Zeng, X.; Gyoja, F.; Maruo, A.; Okawa, N.; Mizutani, K.-i.; Suzuki, Y.; Nakai, K.; Kusakabe, T. G.

The ascidian Ciona provides a key model for understanding the evolutionary origin of the vertebrate brain. While the larval nervous system has been extensively characterized, the molecular and cellular organization of the adult neural complex remains poorly defined. Here, we generated spatial transcriptomic maps of the adult Ciona neural complex from three individuals, with four serial sections per donor, using the 10x Visium platform. Clustering-based analysis identified five major tissue domains, including the cerebral ganglion, neural gland, ciliated funnel, neural gland duct/dorsal strand, and body wall muscle. To further refine spatial resolution, we computationally reconstructed approximately 980 super-resolution gene expression maps by integrating transcriptomic measurements with histological image features.
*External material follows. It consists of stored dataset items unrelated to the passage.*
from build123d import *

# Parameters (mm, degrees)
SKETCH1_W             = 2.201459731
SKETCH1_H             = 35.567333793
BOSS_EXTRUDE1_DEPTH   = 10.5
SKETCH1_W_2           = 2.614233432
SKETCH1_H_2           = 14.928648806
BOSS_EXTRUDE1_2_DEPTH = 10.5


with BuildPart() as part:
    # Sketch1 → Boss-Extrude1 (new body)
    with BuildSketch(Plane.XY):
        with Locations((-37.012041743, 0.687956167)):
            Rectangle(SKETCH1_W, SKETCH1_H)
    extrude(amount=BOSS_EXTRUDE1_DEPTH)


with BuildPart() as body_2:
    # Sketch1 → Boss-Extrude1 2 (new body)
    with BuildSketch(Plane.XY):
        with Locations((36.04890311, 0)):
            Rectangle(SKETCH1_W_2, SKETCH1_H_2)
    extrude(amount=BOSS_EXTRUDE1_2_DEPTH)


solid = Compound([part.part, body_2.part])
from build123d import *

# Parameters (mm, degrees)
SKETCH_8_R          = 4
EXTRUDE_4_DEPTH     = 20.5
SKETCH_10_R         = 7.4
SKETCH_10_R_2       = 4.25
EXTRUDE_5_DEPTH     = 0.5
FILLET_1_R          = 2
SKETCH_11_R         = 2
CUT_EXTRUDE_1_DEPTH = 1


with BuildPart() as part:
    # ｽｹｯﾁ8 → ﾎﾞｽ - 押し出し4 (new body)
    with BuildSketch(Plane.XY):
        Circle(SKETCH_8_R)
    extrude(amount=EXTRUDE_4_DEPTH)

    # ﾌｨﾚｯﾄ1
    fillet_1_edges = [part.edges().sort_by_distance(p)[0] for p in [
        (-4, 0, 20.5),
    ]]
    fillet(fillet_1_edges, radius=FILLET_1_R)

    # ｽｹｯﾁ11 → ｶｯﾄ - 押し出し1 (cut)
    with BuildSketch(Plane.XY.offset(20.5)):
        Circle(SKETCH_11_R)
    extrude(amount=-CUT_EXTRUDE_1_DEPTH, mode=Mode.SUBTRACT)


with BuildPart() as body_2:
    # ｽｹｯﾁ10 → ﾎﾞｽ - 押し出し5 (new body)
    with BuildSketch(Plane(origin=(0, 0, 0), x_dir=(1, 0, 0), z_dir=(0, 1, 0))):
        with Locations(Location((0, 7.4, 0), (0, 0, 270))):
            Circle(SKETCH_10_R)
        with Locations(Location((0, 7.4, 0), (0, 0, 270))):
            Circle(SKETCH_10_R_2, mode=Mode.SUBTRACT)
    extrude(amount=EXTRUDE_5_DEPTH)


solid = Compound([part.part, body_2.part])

The super-resolution maps enabled precise delineation of molecular territories within the neural complex. In the cerebral ganglion, high-resolution reconstruction revealed clear molecular zonation, distinguishing the cortex and medulla. Within the cortex, the central region facing the neural gland and anteroposterior distal regions showed distinct molecular properties. In the neural gland, we identified coordinated enrichment of cell-cell interaction- and extracellular matrix-related genes, suggesting specialized structural and physiological properties. We propose that the neural gland play a pivotal role for the cerebral ganglion in maintaining homeostasis, supporting development, and providing a signaling interface, which is reminiscent of a primitive form of the choroid plexus and meninges found in vertebrates. Together, this study provides the first spatially resolved transcriptomic atlas of the adult Ciona neural complex and establishes a molecular framework for investigating functional regionalization and brain evolution in chordates.